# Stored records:
+--

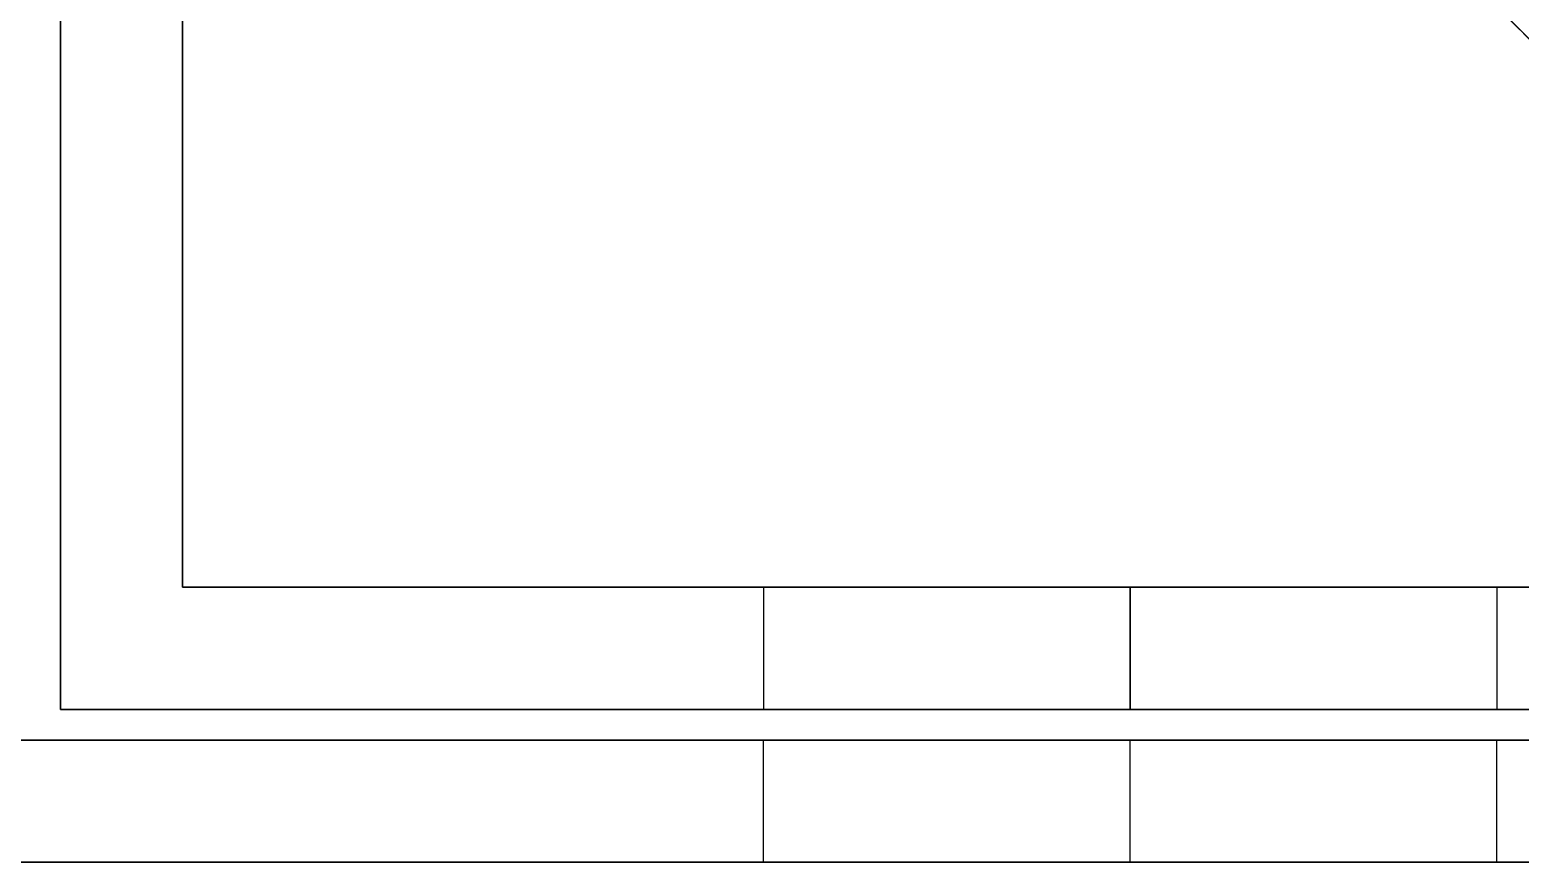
# Model space of a CAD drawing. Header units: millimetres. Extents: x -6529 to 809, y -8611 to 207.
# Drawn here: x 771.03 to 795.41, y -5011.21 to -4997.58 of the extents above; entities that cross this region are included whole.
import ezdxf

# ---------------------------------------------------------------- set-up
doc = ezdxf.new("R2010")
doc.units = ezdxf.units.MM
doc.header["$MEASUREMENT"] = 0
doc.layers.add('staal', color=5, linetype='Continuous', true_color=0x0000ff)

msp = doc.modelspace()

# ---------------------------------------------------------------- linework, layer by layer
at = {"layer": 'staal'}
for p, q in [((809.026, -5011.207), (769.026, -4971.207)), ((809.026, -5011.207, 1276), (769.026, -4971.207, 1276)), ((809.026, -5011.207, 1276), (769.026, -4971.207, 1276)), ((783.026, -5006.707, 170.5), (783.026, -5008.707, 170.5)), ((783.026, -5006.707, 95.5), (783.026, -5008.707, 95.5)), ((783.026, -5006.707, 1220.5), (783.026, -5008.707, 1220.5)), ((783.026, -5006.707, 1145.5), (783.026, -5008.707, 1145.5)), ((783.026, -5006.707, 1371.5), (783.026, -5008.707, 1371.5)), ((783.026, -5006.707, 1446.5), (783.026, -5008.707, 1446.5)), ((789.026, -5008.707, 40), (789.026, -5006.707, 40)), ((789.026, -5008.707, 208), (789.026, -5006.707, 208)), ((789.026, -5006.707, 176.5), (789.026, -5008.707, 176.5)), ((789.026, -5006.707, 164.5), (789.026, -5008.707, 164.5)), ((789.026, -5006.707, 101.5), (789.026, -5008.707, 101.5)), ((789.026, -5006.707, 89.5), (789.026, -5008.707, 89.5)), ((789.026, -5008.707, 1276), (789.026, -5006.707, 1276)), ((789.026, -5008.707, 1108), (789.026, -5006.707, 1108)), ((789.026, -5006.707, 1214.5), (789.026, -5008.707, 1214.5)), ((789.026, -5006.707, 1226.5), (789.026, -5008.707, 1226.5)), ((789.026, -5006.707, 1139.5), (789.026, -5008.707, 1139.5)), ((789.026, -5006.707, 1151.5), (789.026, -5008.707, 1151.5)), ((789.026, -5008.707, 1316), (789.026, -5006.707, 1316)), ((789.026, -5008.707, 1484), (789.026, -5006.707, 1484)), ((789.026, -5006.707, 1377.5), (789.026, -5008.707, 1377.5)), ((789.026, -5006.707, 1365.5), (789.026, -5008.707, 1365.5)), ((789.026, -5006.707, 1452.5), (789.026, -5008.707, 1452.5)), ((789.026, -5006.707, 1440.5), (789.026, -5008.707, 1440.5)), ((795.026, -5006.707, 170.5), (795.026, -5008.707, 170.5)), ((795.026, -5006.707, 95.5), (795.026, -5008.707, 95.5)), ((795.026, -5006.707, 1220.5), (795.026, -5008.707, 1220.5)), ((795.026, -5006.707, 1145.5), (795.026, -5008.707, 1145.5)), ((795.026, -5006.707, 1371.5), (795.026, -5008.707, 1371.5)), ((795.026, -5006.707, 1446.5), (795.026, -5008.707, 1446.5)), ((783.026, -5011.207, 695.5), (783.026, -5009.207, 695.5)), ((783.026, -5011.207, 770.5), (783.026, -5009.207, 770.5)), ((783.026, -5011.207, 920.5), (783.026, -5009.207, 920.5)), ((783.026, -5011.207, 845.5), (783.026, -5009.207, 845.5)), ((783.026, -5011.207, 1070.5), (783.026, -5009.207, 1070.5)), ((783.026, -5011.207, 995.5), (783.026, -5009.207, 995.5)), ((783.026, -5011.207, 1220.5), (783.026, -5009.207, 1220.5)), ((783.026, -5011.207, 1145.5), (783.026, -5009.207, 1145.5)), ((783.026, -5011.207, 545.5), (783.026, -5009.207, 545.5)), ((783.026, -5011.207, 620.5), (783.026, -5009.207, 620.5)), ((783.026, -5011.207, 395.5), (783.026, -5009.207, 395.5)), ((783.026, -5011.207, 470.5), (783.026, -5009.207, 470.5)), ((783.026, -5011.207, 245.5), (783.026, -5009.207, 245.5)), ((783.026, -5011.207, 320.5), (783.026, -5009.207, 320.5)), ((783.026, -5011.207, 170.5), (783.026, -5009.207, 170.5)), ((783.026, -5011.207, 95.5), (783.026, -5009.207, 95.5)), ((789.026, -5011.207, 40), (789.026, -5009.207, 40)), ((789.026, -5011.207, 1276), (789.026, -5009.207, 1276)), ((789.026, -5011.207, 701.5), (789.026, -5009.207, 701.5)), ((789.026, -5011.207, 689.5), (789.026, -5009.207, 689.5)), ((789.026, -5011.207, 776.5), (789.026, -5009.207, 776.5)), ((789.026, -5011.207, 764.5), (789.026, -5009.207, 764.5)), ((789.026, -5011.207, 926.5), (789.026, -5009.207, 926.5)), ((789.026, -5011.207, 914.5), (789.026, -5009.207, 914.5)), ((789.026, -5011.207, 851.5), (789.026, -5009.207, 851.5)), ((789.026, -5011.207, 839.5), (789.026, -5009.207, 839.5)), ((789.026, -5011.207, 1076.5), (789.026, -5009.207, 1076.5)), ((789.026, -5011.207, 1064.5), (789.026, -5009.207, 1064.5)), ((789.026, -5011.207, 1001.5), (789.026, -5009.207, 1001.5)), ((789.026, -5011.207, 989.5), (789.026, -5009.207, 989.5)), ((789.026, -5011.207, 1226.5), (789.026, -5009.207, 1226.5)), ((789.026, -5011.207, 1214.5), (789.026, -5009.207, 1214.5)), ((789.026, -5011.207, 1151.5), (789.026, -5009.207, 1151.5)), ((789.026, -5011.207, 1139.5), (789.026, -5009.207, 1139.5)), ((789.026, -5011.207, 551.5), (789.026, -5009.207, 551.5)), ((789.026, -5011.207, 539.5), (789.026, -5009.207, 539.5)), ((789.026, -5011.207, 626.5), (789.026, -5009.207, 626.5)), ((789.026, -5011.207, 614.5), (789.026, -5009.207, 614.5)), ((789.026, -5011.207, 401.5), (789.026, -5009.207, 401.5)), ((789.026, -5011.207, 389.5), (789.026, -5009.207, 389.5)), ((789.026, -5011.207, 476.5), (789.026, -5009.207, 476.5)), ((789.026, -5011.207, 464.5), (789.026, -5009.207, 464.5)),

+--

Should a record include a picture, drop the picture and write out the remainder exactly.

# Model space of a CAD drawing. Header units: millimetres. Extents: x -6529 to 809, y -8611 to 207.
# Drawn here: x 771.03 to 795.41, y -5011.21 to -4997.58 of the extents above; entities that cross this region are included whole.
import ezdxf

# ---------------------------------------------------------------- set-up
doc = ezdxf.new("R2010")
doc.units = ezdxf.units.MM
doc.header["$MEASUREMENT"] = 0
doc.layers.add('staal', color=5, linetype='Continuous', true_color=0x0000ff)

msp = doc.modelspace()

# ---------------------------------------------------------------- linework, layer by layer
at = {"layer": 'staal'}
for p, q in [((809.026, -5011.207), (769.026, -4971.207)), ((809.026, -5011.207, 1276), (769.026, -4971.207, 1276)), ((809.026, -5011.207, 1276), (769.026, -4971.207, 1276)), ((783.026, -5006.707, 170.5), (783.026, -5008.707, 170.5)), ((783.026, -5006.707, 95.5), (783.026, -5008.707, 95.5)), ((783.026, -5006.707, 1220.5), (783.026, -5008.707, 1220.5)), ((783.026, -5006.707, 1145.5), (783.026, -5008.707, 1145.5)), ((783.026, -5006.707, 1371.5), (783.026, -5008.707, 1371.5)), ((783.026, -5006.707, 1446.5), (783.026, -5008.707, 1446.5)), ((789.026, -5008.707, 40), (789.026, -5006.707, 40)), ((789.026, -5008.707, 208), (789.026, -5006.707, 208)), ((789.026, -5006.707, 176.5), (789.026, -5008.707, 176.5)), ((789.026, -5006.707, 164.5), (789.026, -5008.707, 164.5)), ((789.026, -5006.707, 101.5), (789.026, -5008.707, 101.5)), ((789.026, -5006.707, 89.5), (789.026, -5008.707, 89.5)), ((789.026, -5008.707, 1276), (789.026, -5006.707, 1276)), ((789.026, -5008.707, 1108), (789.026, -5006.707, 1108)), ((789.026, -5006.707, 1214.5), (789.026, -5008.707, 1214.5)), ((789.026, -5006.707, 1226.5), (789.026, -5008.707, 1226.5)), ((789.026, -5006.707, 1139.5), (789.026, -5008.707, 1139.5)), ((789.026, -5006.707, 1151.5), (789.026, -5008.707, 1151.5)), ((789.026, -5008.707, 1316), (789.026, -5006.707, 1316)), ((789.026, -5008.707, 1484), (789.026, -5006.707, 1484)), ((789.026, -5006.707, 1377.5), (789.026, -5008.707, 1377.5)), ((789.026, -5006.707, 1365.5), (789.026, -5008.707, 1365.5)), ((789.026, -5006.707, 1452.5), (789.026, -5008.707, 1452.5)), ((789.026, -5006.707, 1440.5), (789.026, -5008.707, 1440.5)), ((795.026, -5006.707, 170.5), (795.026, -5008.707, 170.5)), ((795.026, -5006.707, 95.5), (795.026, -5008.707, 95.5)), ((795.026, -5006.707, 1220.5), (795.026, -5008.707, 1220.5)), ((795.026, -5006.707, 1145.5), (795.026, -5008.707, 1145.5)), ((795.026, -5006.707, 1371.5), (795.026, -5008.707, 1371.5)), ((795.026, -5006.707, 1446.5), (795.026, -5008.707, 1446.5)), ((783.026, -5011.207, 695.5), (783.026, -5009.207, 695.5)), ((783.026, -5011.207, 770.5), (783.026, -5009.207, 770.5)), ((783.026, -5011.207, 920.5), (783.026, -5009.207, 920.5)), ((783.026, -5011.207, 845.5), (783.026, -5009.207, 845.5)), ((783.026, -5011.207, 1070.5), (783.026, -5009.207, 1070.5)), ((783.026, -5011.207, 995.5), (783.026, -5009.207, 995.5)), ((783.026, -5011.207, 1220.5), (783.026, -5009.207, 1220.5)), ((783.026, -5011.207, 1145.5), (783.026, -5009.207, 1145.5)), ((783.026, -5011.207, 545.5), (783.026, -5009.207, 545.5)), ((783.026, -5011.207, 620.5), (783.026, -5009.207, 620.5)), ((783.026, -5011.207, 395.5), (783.026, -5009.207, 395.5)), ((783.026, -5011.207, 470.5), (783.026, -5009.207, 470.5)), ((783.026, -5011.207, 245.5), (783.026, -5009.207, 245.5)), ((783.026, -5011.207, 320.5), (783.026, -5009.207, 320.5)), ((783.026, -5011.207, 170.5), (783.026, -5009.207, 170.5)), ((783.026, -5011.207, 95.5), (783.026, -5009.207, 95.5)), ((789.026, -5011.207, 40), (789.026, -5009.207, 40)), ((789.026, -5011.207, 1276), (789.026, -5009.207, 1276)), ((789.026, -5011.207, 701.5), (789.026, -5009.207, 701.5)), ((789.026, -5011.207, 689.5), (789.026, -5009.207, 689.5)), ((789.026, -5011.207, 776.5), (789.026, -5009.207, 776.5)), ((789.026, -5011.207, 764.5), (789.026, -5009.207, 764.5)), ((789.026, -5011.207, 926.5), (789.026, -5009.207, 926.5)), ((789.026, -5011.207, 914.5), (789.026, -5009.207, 914.5)), ((789.026, -5011.207, 851.5), (789.026, -5009.207, 851.5)), ((789.026, -5011.207, 839.5), (789.026, -5009.207, 839.5)), ((789.026, -5011.207, 1076.5), (789.026, -5009.207, 1076.5)), ((789.026, -5011.207, 1064.5), (789.026, -5009.207, 1064.5)), ((789.026, -5011.207, 1001.5), (789.026, -5009.207, 1001.5)), ((789.026, -5011.207, 989.5), (789.026, -5009.207, 989.5)), ((789.026, -5011.207, 1226.5), (789.026, -5009.207, 1226.5)), ((789.026, -5011.207, 1214.5), (789.026, -5009.207, 1214.5)), ((789.026, -5011.207, 1151.5), (789.026, -5009.207, 1151.5)), ((789.026, -5011.207, 1139.5), (789.026, -5009.207, 1139.5)), ((789.026, -5011.207, 551.5), (789.026, -5009.207, 551.5)), ((789.026, -5011.207, 539.5), (789.026, -5009.207, 539.5)), ((789.026, -5011.207, 626.5), (789.026, -5009.207, 626.5)), ((789.026, -5011.207, 614.5), (789.026, -5009.207, 614.5)), ((789.026, -5011.207, 401.5), (789.026, -5009.207, 401.5)), ((789.026, -5011.207, 389.5), (789.026, -5009.207, 389.5)), ((789.026, -5011.207, 476.5), (789.026, -5009.207, 476.5)), ((789.026, -5011.207, 464.5), (789.026, -5009.207, 464.5)),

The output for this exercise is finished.